- **Your assignment**: Find the line holding "n1.inputs[3].default_value = 1.45" in the entries below. Give it again exactly, along with every line after it up to and including the line holding "me_cube = bpy.data.meshes.new('Cube')".

- **Data shown**:
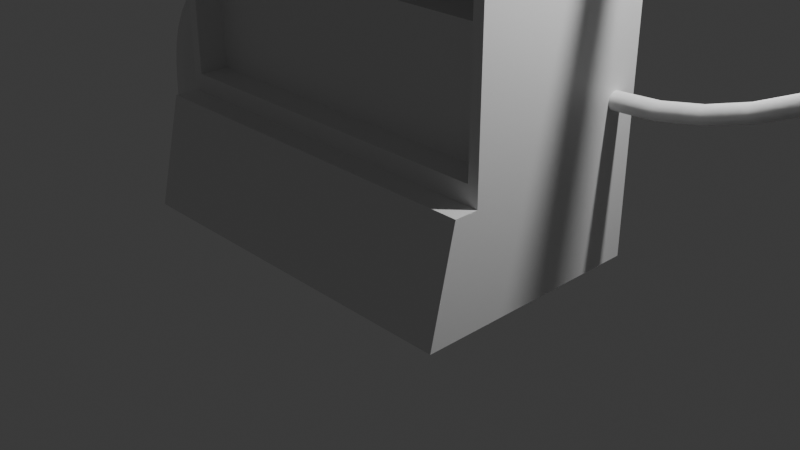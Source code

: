# Source: cannister_recharge_station_laser_Room.blend  (saved by Blender 4.2.66; exported with 4.5.12 LTS)
import bpy
from mathutils import Matrix  # noqa: F401  (used for matrix-valued properties, if any)

bpy.ops.wm.read_factory_settings(use_empty=True)
scene = bpy.context.scene
scene.name = 'Scene'

# ---- collections
col_collection = bpy.data.collections.new('Collection'); scene.collection.children.link(col_collection)

# ---- materials (node trees are filled in below, after node groups)
mat_material = bpy.data.materials.new('Material')
mat_material.alpha_threshold = 0.0
mat_material.use_transparent_shadow = False
mat_material.roughness = 0.5
mat_material.line_color = (0.0, 0.0, 0.0, 1.0)

# ---- material node trees
mat_material.use_nodes = True; mat_material.node_tree.nodes.clear()
_N = mat_material.node_tree.nodes; _L = mat_material.node_tree.links
n0 = _N.new('ShaderNodeOutputMaterial'); n0.name = 'Material Output'; n0.location = (300, 300)
n1 = _N.new('ShaderNodeBsdfPrincipled'); n1.name = 'Principled BSDF'; n1.location = (10, 300)
n1.inputs[3].default_value = 1.45
_L.new(n1.outputs[0], n0.inputs[0])
n0.is_active_output = True

# ---- world
world_world = bpy.data.worlds.new('World'); scene.world = world_world
world_world.use_nodes = True; world_world.node_tree.nodes.clear()
_N = world_world.node_tree.nodes; _L = world_world.node_tree.links
n0 = _N.new('ShaderNodeOutputWorld'); n0.name = 'World Output'; n0.location = (300, 300)
n1 = _N.new('ShaderNodeBackground'); n1.name = 'Background'; n1.location = (10, 300)
n1.inputs[0].default_value = (0.05088, 0.05088, 0.05088, 1.0)
_L.new(n1.outputs[0], n0.inputs[0])
n0.is_active_output = True
world_world.color = (0.05088, 0.05088, 0.05088)
world_world.sun_shadow_jitter_overblur = 0.0

# ---- cameras
cam_camera = bpy.data.cameras.new('Camera')
cam_camera.clip_end = 100.0
cam_camera.ortho_scale = 7.314

# ---- lights
light_light = bpy.data.lights.new('Light', 'POINT')
light_light.energy = 1000.0
light_light.shadow_soft_size = 0.1

# ---- meshes
me_cube = bpy.data.meshes.new('Cube')
me_cube.from_pydata([(1.0, 1.0, 1.0), (1.0, 1.0, -1.0), (1.0, -1.0, 1.0), (1.0, -1.0, -1.0), (-1.0, 1.0, 1.0), (-1.0, 1.0, -1.0), (-1.0, -1.0, 1.0), (-1.0, -1.0, -1.0), (1.0, 1.0, -0.6308), (-0.9442, -1.0, -0.5684), (0.9442, -1.0, -0.5684), (-1.0, 1.0, -0.6308), (-0.9442, -1.0, 0.4289), (1.0, 1.0, 0.4913), (0.9442, -1.0, 0.4289), (-1.0, 1.0, 0.4913), (1.0, -1.249, -0.6308), (1.0, -1.51, -1.0), (-1.0, -1.51, -1.0), (-1.0, -1.249, -0.6308), (1.0, -1.0, 0.4913), (1.0, -1.0, -0.6308), (-1.0, -1.0, -0.6308), (-1.0, -1.0, 0.4913), (0.8835, -0.6283, 0.4289), (0.9442, -0.6891, -0.5684), (-0.9442, -0.6891, -0.5684), (-0.8433, -0.5882, 0.4289), (0.0, 1.0, -1.0), (0.0, -1.0, 1.0), (0.0, -1.0, -1.0), (0.0, 1.0, 1.0), (0.0, 1.0, -0.6308), (0.0, -1.0, -0.6308), (0.0, 1.0, 0.4913), (0.0, -1.0, 0.4913), (0.0, -1.51, -1.0), (0.0, -1.249, -0.6308), (0.0, -1.0, -0.5684), (0.0, -1.0, 0.4289), (0.0, -0.6891, -0.5684), (0.0, -0.6891, 0.4289), (-0.04232, 1.0, -1.0), (-0.04232, -1.0, 1.0), (-0.04232, -1.0, -0.6308), (-0.04232, -1.0, 0.4913), (-0.04232, -1.249, -0.6308), (-0.03996, -1.0, -0.5684), (-0.03996, -1.0, 0.4289), (-0.03996, -0.6891, -0.5684), (-0.1409, -0.5882, 0.4289), (-0.04232, -1.0, -1.0), (-0.04232, 1.0, 1.0), (-0.04232, 1.0, -0.6308), (-0.04232, 1.0, 0.4913), (-0.04232, -1.51, -1.0), (0.04598, -1.0, -1.0), (0.04598, 1.0, 1.0), (0.04598, 1.0, -0.6308), (0.04598, 1.0, 0.4913), (0.04598, -1.51, -1.0), (0.04598, 1.0, -1.0), (0.04598, -1.0, 1.0), (0.04598, -1.0, -0.6308), (0.04598, -1.0, 0.4913), (0.04598, -1.249, -0.6308), (0.04341, -1.0, -0.5684), (0.04341, -1.0, 0.4289), (0.04341, -0.6891, -0.5684), (0.1042, -0.6283, 0.4289), (1.0, 1.0, -0.1913), (1.0, -1.0, -0.1913), (-1.0, 1.0, -0.1913), (-1.0, -1.0, -0.1913), (0.9442, -1.0, -0.1778), (-0.9442, -1.0, -0.1778), (0.9442, -0.6891, -0.1778), (-0.9442, -0.6891, -0.1778), (0.0, -0.6891, -0.1778), (0.0, 1.0, -0.1913), (-0.04232, 1.0, -0.1913), (-0.03996, -0.6891, -0.1778), (0.04341, -0.6891, -0.1778), (0.04598, 1.0, -0.1913), (1.0, 1.0, -0.2272), (1.0, -1.0, -0.2272), (-1.0, 1.0, -0.2272), (0.9442, -1.0, -0.2097), (0.9442, -0.6891, -0.2097), (0.0, -0.6891, -0.2097), (0.0, 1.0, -0.2272), (-0.04232, 1.0, -0.2272), (-0.03996, -0.6891, -0.2097), (0.04341, -0.6891, -0.2097), (0.04598, 1.0, -0.2272), (-1.0, -1.0, -0.2272), (-0.9442, -1.0, -0.2097), (-0.9442, -0.6891, -0.2097), (-0.9442, 0.2509, -0.1778), (-0.8433, 0.15, 0.4289), (-0.1409, 0.15, 0.4289), (0.8835, 0.1901, 0.4289), (0.1042, 0.1901, 0.4289), (0.9442, 0.2509, -0.1778), (-0.03996, 0.2509, -0.1778), (0.04341, 0.2509, -0.1778), (-0.03996, -0.6891, 0.4289), (-0.9442, -0.6891, 0.4289), (-0.03996, 0.2509, 0.4289), (-0.9442, 0.2509, 0.4289), (0.9442, -0.6891, 0.4289), (0.04341, -0.6891, 0.4289), (0.9442, 0.2509, 0.4289), (0.04341, 0.2509, 0.4289), (-0.1409, -0.5882, 0.4018), (-0.8433, -0.5882, 0.4018), (-0.1409, 0.15, 0.4018), (-0.8433, 0.15, 0.4018), (0.8835, -0.6283, 0.4058), (0.1042, -0.6283, 0.4058), (0.8835, 0.1901, 0.4058), (0.1042, 0.1901, 0.4058)], [], [(52, 4, 6, 43), (45, 43, 6, 23), (23, 6, 4, 15), (61, 1, 3, 56), (13, 0, 2, 20), (59, 57, 0, 13), (61, 58, 8, 1), (1, 8, 21, 3), (7, 22, 11, 5), (3, 21, 16, 17), (83, 59, 13, 70), (70, 13, 20, 71), (73, 23, 15, 72), (48, 12, 107, 106), (55, 46, 19, 18), (22, 7, 18, 19), (56, 3, 17, 60), (44, 22, 19, 46), (87, 10, 21, 85), (47, 9, 22, 44), (75, 12, 23, 73), (67, 14, 20, 64), (82, 76, 103, 105), (66, 10, 25, 68), (96, 9, 26, 97), (74, 14, 110, 76), (47, 38, 40, 49), (82, 111, 41, 78), (48, 39, 35, 45), (66, 38, 33, 63), (63, 33, 37, 65), (51, 30, 36, 55), (60, 65, 37, 36), (67, 39, 41, 111), (80, 54, 34, 79), (42, 53, 32, 28), (54, 52, 31, 34), (42, 28, 30, 51), (64, 62, 29, 35), (57, 31, 29, 62), (5, 42, 51, 7), (15, 4, 52, 54), (5, 11, 53, 42), (72, 15, 54, 80), (7, 51, 55, 18), (12, 48, 45, 23), (9, 47, 49, 26), (78, 41, 106, 81), (38, 47, 44, 33), (33, 44, 46, 37), (36, 37, 46, 55), (39, 48, 106, 41), (35, 29, 43, 45), (31, 52, 43, 29), (0, 57, 62, 2), (20, 2, 62, 64), (14, 67, 111, 110), (17, 16, 65, 60), (21, 63, 65, 16), (10, 66, 63, 21), (76, 110, 112, 103), (38, 66, 68, 40), (39, 67, 64, 35), (30, 56, 60, 36), (79, 34, 59, 83), (28, 32, 58, 61), (34, 31, 57, 59), (28, 61, 56, 30), (90, 79, 83, 94), (88, 76, 82, 93), (89, 78, 81, 92), (86, 72, 80, 91), (91, 80, 79, 90), (93, 82, 78, 89), (87, 74, 76, 88), (12, 75, 77, 107), (92, 81, 77, 97), (96, 75, 73, 95), (14, 74, 71, 20), (95, 73, 72, 86), (84, 70, 71, 85), (94, 83, 70, 84), (58, 94, 84, 8), (8, 84, 85, 21), (22, 95, 86, 11), (9, 96, 95, 22), (49, 92, 97, 26), (10, 87, 88, 25), (68, 93, 89, 40), (53, 91, 90, 32), (11, 86, 91, 53), (40, 89, 92, 49), (25, 88, 93, 68), (32, 90, 94, 58), (75, 96, 97, 77), (74, 87, 85, 71), (104, 108, 109, 98), (103, 112, 113, 105), (77, 81, 104, 98), (81, 106, 108, 104), (107, 77, 98, 109), (101, 24, 118, 120), (111, 82, 105, 113), (27, 99, 117, 115), (27, 50, 106, 107), (100, 99, 109, 108), (50, 100, 108, 106), (99, 27, 107, 109), (69, 24, 110, 111), (101, 102, 113, 112), (24, 101, 112, 110), (102, 69, 111, 113), (114, 115, 117, 116), (99, 100, 116, 117), (100, 50, 114, 116), (50, 27, 115, 114), (118, 119, 121, 120), (24, 69, 119, 118), (69, 102, 121, 119), (102, 101, 120, 121)])
_uv = me_cube.uv_layers.new(name='UVMap')
_uv.uv.foreach_set('vector', [0.7553, 0.5, 0.875, 0.5, 0.875, 0.75, 0.7553, 0.75, 0.5614, 0.8803, 0.625, 0.8803, 0.625, 1.0, 0.5614, 1.0, 0.5614, 0.0, 0.625, 0.0, 0.625, 0.25, 0.5614, 0.25, 0.2557, 0.5, 0.375, 0.5, 0.375, 0.75, 0.2557, 0.75, 0.5614, 0.5, 0.625, 0.5, 0.625, 0.75, 0.5614, 0.75, 0.5614, 0.3807, 0.625, 0.3807, 0.625, 0.5, 0.5614, 0.5, 0.375, 0.3807, 0.4212, 0.3807, 0.4212, 0.5, 0.375, 0.5, 0.375, 0.5, 0.4212, 0.5, 0.4212, 0.75, 0.375, 0.75, 0.375, 0.0, 0.4212, 0.0, 0.4212, 0.25, 0.375, 0.25, 0.375, 0.75, 0.4212, 0.75, 0.4212, 0.75, 0.375, 0.75, 0.4761, 0.3807, 0.5614, 0.3807, 0.5614, 0.5, 0.4761, 0.5, 0.4761, 0.5, 0.5614, 0.5, 0.5614, 0.75, 0.4761, 0.75, 0.4761, 0.0, 0.5614, 0.0, 0.5614, 0.25, 0.4761, 0.25, 0.5536, 0.88, 0.5536, 0.9922, 0.5536, 0.9922, 0.5536, 0.88, 0.375, 0.8803, 0.4212, 0.8803, 0.4212, 1.0, 0.375, 1.0, 0.4212, 0.0, 0.375, 0.0, 0.375, 0.0, 0.4212, 0.0, 0.2557, 0.75, 0.375, 0.75, 0.375, 0.75, 0.2557, 0.75, 0.4212, 0.8803, 0.4212, 1.0, 0.4212, 1.0, 0.4212, 0.8803, 0.4738, 0.7578, 0.429, 0.7578, 0.4212, 0.75, 0.4716, 0.75, 0.429, 0.88, 0.429, 0.9922, 0.4212, 1.0, 0.4212, 0.8803, 0.4778, 0.9922, 0.5536, 0.9922, 0.5614, 1.0, 0.4761, 1.0, 0.5536, 0.8696, 0.5536, 0.7578, 0.5614, 0.75, 0.5614, 0.8693, 0.4778, 0.8696, 0.4778, 0.7578, 0.4778, 0.7578, 0.4778, 0.8696, 0.429, 0.8696, 0.429, 0.7578, 0.429, 0.7578, 0.429, 0.8696, 0.4738, 0.9922, 0.429, 0.9922, 0.429, 0.9922, 0.4738, 0.9922, 0.4778, 0.7578, 0.5536, 0.7578, 0.5536, 0.7578, 0.4778, 0.7578, 0.429, 0.88, 0.429, 0.875, 0.429, 0.875, 0.429, 0.88, 0.4778, 0.8696, 0.5536, 0.8696, 0.5536, 0.875, 0.4778, 0.875, 0.5536, 0.88, 0.5536, 0.875, 0.5614, 0.875, 0.5614, 0.8803, 0.429, 0.8696, 0.429, 0.875, 0.4212, 0.875, 0.4212, 0.8693, 0.4212, 0.8693, 0.4212, 0.875, 0.4212, 0.875, 0.4212, 0.8693, 0.2447, 0.75, 0.25, 0.75, 0.25, 0.75, 0.2447, 0.75, 0.375, 0.8693, 0.4212, 0.8693, 0.4212, 0.875, 0.375, 0.875, 0.5536, 0.8696, 0.5536, 0.875, 0.5536, 0.875, 0.5536, 0.8696, 0.4761, 0.3697, 0.5614, 0.3697, 0.5614, 0.375, 0.4761, 0.375, 0.375, 0.3697, 0.4212, 0.3697, 0.4212, 0.375, 0.375, 0.375, 0.5614, 0.3697, 0.625, 0.3697, 0.625, 0.375, 0.5614, 0.375, 0.2447, 0.5, 0.25, 0.5, 0.25, 0.75, 0.2447, 0.75, 0.5614, 0.8693, 0.625, 0.8693, 0.625, 0.875, 0.5614, 0.875, 0.7443, 0.5, 0.75, 0.5, 0.75, 0.75, 0.7443, 0.75, 0.125, 0.5, 0.2447, 0.5, 0.2447, 0.75, 0.125, 0.75, 0.5614, 0.25, 0.625, 0.25, 0.625, 0.3697, 0.5614, 0.3697, 0.375, 0.25, 0.4212, 0.25, 0.4212, 0.3697, 0.375, 0.3697, 0.4761, 0.25, 0.5614, 0.25, 0.5614, 0.3697, 0.4761, 0.3697, 0.125, 0.75, 0.2447, 0.75, 0.2447, 0.75, 0.125, 0.75, 0.5536, 0.9922, 0.5536, 0.88, 0.5614, 0.8803, 0.5614, 1.0, 0.429, 0.9922, 0.429, 0.88, 0.429, 0.88, 0.429, 0.9922, 0.4778, 0.875, 0.5536, 0.875, 0.5536, 0.88, 0.4778, 0.88, 0.429, 0.875, 0.429, 0.88, 0.4212, 0.8803, 0.4212, 0.875, 0.4212, 0.875, 0.4212, 0.8803, 0.4212, 0.8803, 0.4212, 0.875, 0.375, 0.875, 0.4212, 0.875, 0.4212, 0.8803, 0.375, 0.8803, 0.5536, 0.875, 0.5536, 0.88, 0.5536, 0.88, 0.5536, 0.875, 0.5614, 0.875, 0.625, 0.875, 0.625, 0.8803, 0.5614, 0.8803, 0.75, 0.5, 0.7553, 0.5, 0.7553, 0.75, 0.75, 0.75, 0.625, 0.5, 0.7443, 0.5, 0.7443, 0.75, 0.625, 0.75, 0.5614, 0.75, 0.625, 0.75, 0.625, 0.8693, 0.5614, 0.8693, 0.5536, 0.7578, 0.5536, 0.8696, 0.5536, 0.8696, 0.5536, 0.7578, 0.375, 0.75, 0.4212, 0.75, 0.4212, 0.8693, 0.375, 0.8693, 0.4212, 0.75, 0.4212, 0.8693, 0.4212, 0.8693, 0.4212, 0.75, 0.429, 0.7578, 0.429, 0.8696, 0.4212, 0.8693, 0.4212, 0.75, 0.4778, 0.7578, 0.5536, 0.7578, 0.5536, 0.7578, 0.4778, 0.7578, 0.429, 0.875, 0.429, 0.8696, 0.429, 0.8696, 0.429, 0.875, 0.5536, 0.875, 0.5536, 0.8696, 0.5614, 0.8693, 0.5614, 0.875, 0.25, 0.75, 0.2557, 0.75, 0.2557, 0.75, 0.25, 0.75, 0.4761, 0.375, 0.5614, 0.375, 0.5614, 0.3807, 0.4761, 0.3807, 0.375, 0.375, 0.4212, 0.375, 0.4212, 0.3807, 0.375, 0.3807, 0.5614, 0.375, 0.625, 0.375, 0.625, 0.3807, 0.5614, 0.3807, 0.25, 0.5, 0.2557, 0.5, 0.2557, 0.75, 0.25, 0.75, 0.4716, 0.375, 0.4761, 0.375, 0.4761, 0.3807, 0.4716, 0.3807, 0.4738, 0.7578, 0.4778, 0.7578, 0.4778, 0.8696, 0.4738, 0.8696, 0.4738, 0.875, 0.4778, 0.875, 0.4778, 0.88, 0.4738, 0.88, 0.4716, 0.25, 0.4761, 0.25, 0.4761, 0.3697, 0.4716, 0.3697, 0.4716, 0.3697, 0.4761, 0.3697, 0.4761, 0.375, 0.4716, 0.375, 0.4738, 0.8696, 0.4778, 0.8696, 0.4778, 0.875, 0.4738, 0.875, 0.4738, 0.7578, 0.4778, 0.7578, 0.4778, 0.7578, 0.4738, 0.7578, 0.5536, 0.9922, 0.4778, 0.9922, 0.4778, 0.9922, 0.5536, 0.9922, 0.4738, 0.88, 0.4778, 0.88, 0.4778, 0.9922, 0.4738, 0.9922, 0.4738, 0.9922, 0.4778, 0.9922, 0.4761, 1.0, 0.4716, 1.0, 0.5536, 0.7578, 0.4778, 0.7578, 0.4761, 0.75, 0.5614, 0.75, 0.4716, 0.0, 0.4761, 0.0, 0.4761, 0.25, 0.4716, 0.25, 0.4716, 0.5, 0.4761, 0.5, 0.4761, 0.75, 0.4716, 0.75, 0.4716, 0.3807, 0.4761, 0.3807, 0.4761, 0.5, 0.4716, 0.5, 0.4212, 0.3807, 0.4716, 0.3807, 0.4716, 0.5, 0.4212, 0.5, 0.4212, 0.5, 0.4716, 0.5, 0.4716, 0.75, 0.4212, 0.75, 0.4212, 0.0, 0.4716, 0.0, 0.4716, 0.25, 0.4212, 0.25, 0.429, 0.9922, 0.4738, 0.9922, 0.4716, 1.0, 0.4212, 1.0, 0.429, 0.88, 0.4738, 0.88, 0.4738, 0.9922, 0.429, 0.9922, 0.429, 0.7578, 0.4738, 0.7578, 0.4738, 0.7578, 0.429, 0.7578, 0.429, 0.8696, 0.4738, 0.8696, 0.4738, 0.875, 0.429, 0.875, 0.4212, 0.3697, 0.4716, 0.3697, 0.4716, 0.375, 0.4212, 0.375, 0.4212, 0.25, 0.4716, 0.25, 0.4716, 0.3697, 0.4212, 0.3697, 0.429, 0.875, 0.4738, 0.875, 0.4738, 0.88, 0.429, 0.88, 0.429, 0.7578, 0.4738, 0.7578, 0.4738, 0.8696, 0.429, 0.8696, 0.4212, 0.375, 0.4716, 0.375, 0.4716, 0.3807, 0.4212, 0.3807, 0.4778, 0.9922, 0.4738, 0.9922, 0.4738, 0.9922, 0.4778, 0.9922, 0.4778, 0.7578, 0.4738, 0.7578, 0.4716, 0.75, 0.4761, 0.75, 0.4778, 0.88, 0.5536, 0.88, 0.5536, 0.9922, 0.4778, 0.9922, 0.4778, 0.7578, 0.5536, 0.7578, 0.5536, 0.8696, 0.4778, 0.8696, 0.4778, 0.9922, 0.4778, 0.88, 0.4778, 0.88, 0.4778, 0.9922, 0.4778, 0.88, 0.5536, 0.88, 0.5536, 0.88, 0.4778, 0.88, 0.5536, 0.9922, 0.4778, 0.9922, 0.4778, 0.9922, 0.5536, 0.9922, 0.5536, 0.7653, 0.5536, 0.7653, 0.5536, 0.7653, 0.5536, 0.7653, 0.5536, 0.8696, 0.4778, 0.8696, 0.4778, 0.8696, 0.5536, 0.8696, 0.5536, 0.9797, 0.5536, 0.9797, 0.5536, 0.9797, 0.5536, 0.9797, 0.5536, 0.9797, 0.5536, 0.8925, 0.5536, 0.88, 0.5536, 0.9922, 0.5536, 0.8925, 0.5536, 0.9797, 0.5536, 0.9922, 0.5536, 0.88, 0.5536, 0.8925, 0.5536, 0.8925, 0.5536, 0.88, 0.5536, 0.88, 0.5536, 0.9797, 0.5536, 0.9797, 0.5536, 0.9922, 0.5536, 0.9922, 0.5536, 0.8621, 0.5536, 0.7653, 0.5536, 0.7578, 0.5536, 0.8696, 0.5536, 0.7653, 0.5536, 0.8621, 0.5536, 0.8696, 0.5536, 0.7578, 0.5536, 0.7653, 0.5536, 0.7653, 0.5536, 0.7578, 0.5536, 0.7578, 0.5536, 0.8621, 0.5536, 0.8621, 0.5536, 0.8696, 0.5536, 0.8696, 0.5536, 0.8925, 0.5536, 0.9797, 0.5536, 0.9797, 0.5536, 0.8925, 0.5536, 0.9797, 0.5536, 0.8925, 0.5536, 0.8925, 0.5536, 0.9797, 0.5536, 0.8925, 0.5536, 0.8925, 0.5536, 0.8925, 0.5536, 0.8925, 0.5536, 0.8925, 0.5536, 0.9797, 0.5536, 0.9797, 0.5536, 0.8925, 0.5536, 0.7653, 0.5536, 0.8621, 0.5536, 0.8621, 0.5536, 0.7653, 0.5536, 0.7653, 0.5536, 0.8621, 0.5536, 0.8621, 0.5536, 0.7653, 0.5536, 0.8621, 0.5536, 0.8621, 0.5536, 0.8621, 0.5536, 0.8621, 0.5536, 0.8621, 0.5536, 0.7653, 0.5536, 0.7653, 0.5536, 0.8621])
me_cube.materials.append(mat_material)
me_cube.use_mirror_vertex_groups = False
me_cube.update()

# ---- curves / text
cu_b_ziercurve_003 = bpy.data.curves.new('BézierCurve.003', 'CURVE')
cu_b_ziercurve_003.dimensions = '3D'
_sp = cu_b_ziercurve_003.splines.new('BEZIER'); _sp.bezier_points.add(2)
_sp.bezier_points.foreach_set('co', [3.277, 0.8955, -0.7337, 4.426, 0.247, -0.7337, 3.263, -1.054, -0.7337])
_sp.bezier_points.foreach_set('handle_left', [2.57, 0.9044, -0.7337, 3.53, 0.69, -0.7337, 4.263, -1.069, -0.7337])
_sp.bezier_points.foreach_set('handle_right', [3.984, 0.8867, -0.7337, 5.323, -0.1959, -0.7337, 2.263, -1.04, -0.7337])
for _p, _l, _r in zip(_sp.bezier_points, ['ALIGNED', 'ALIGNED', 'ALIGNED'], ['ALIGNED', 'ALIGNED', 'ALIGNED']): _p.handle_left_type = _l; _p.handle_right_type = _r
_sp.order_u = 0
_sp.order_v = 0
cu_b_ziercurve_003.use_path = True
cu_b_ziercurve_003.bevel_depth = 0.05
cu_b_ziercurve_003.fill_mode = 'FULL'
cu_b_ziercurve_004 = bpy.data.curves.new('BézierCurve.004', 'CURVE')
cu_b_ziercurve_004.dimensions = '3D'
_sp = cu_b_ziercurve_004.splines.new('BEZIER'); _sp.bezier_points.add(1)
_sp.bezier_points.foreach_set('co', [0.1719, -1.777, 4.44e-08, 1.0, 0.0, 0.0])
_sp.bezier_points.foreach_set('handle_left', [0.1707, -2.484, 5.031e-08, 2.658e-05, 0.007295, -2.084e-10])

- **Solved exercise**:
n1.inputs[3].default_value = 1.45
_L.new(n1.outputs[0], n0.inputs[0])
n0.is_active_output = True

# ---- world
world_world = bpy.data.worlds.new('World'); scene.world = world_world
world_world.use_nodes = True; world_world.node_tree.nodes.clear()
_N = world_world.node_tree.nodes; _L = world_world.node_tree.links
n0 = _N.new('ShaderNodeOutputWorld'); n0.name = 'World Output'; n0.location = (300, 300)
n1 = _N.new('ShaderNodeBackground'); n1.name = 'Background'; n1.location = (10, 300)
n1.inputs[0].default_value = (0.05088, 0.05088, 0.05088, 1.0)
_L.new(n1.outputs[0], n0.inputs[0])
n0.is_active_output = True
world_world.color = (0.05088, 0.05088, 0.05088)
world_world.sun_shadow_jitter_overblur = 0.0

# ---- cameras
cam_camera = bpy.data.cameras.new('Camera')
cam_camera.clip_end = 100.0
cam_camera.ortho_scale = 7.314

# ---- lights
light_light = bpy.data.lights.new('Light', 'POINT')
light_light.energy = 1000.0
light_light.shadow_soft_size = 0.1

# ---- meshes
me_cube = bpy.data.meshes.new('Cube')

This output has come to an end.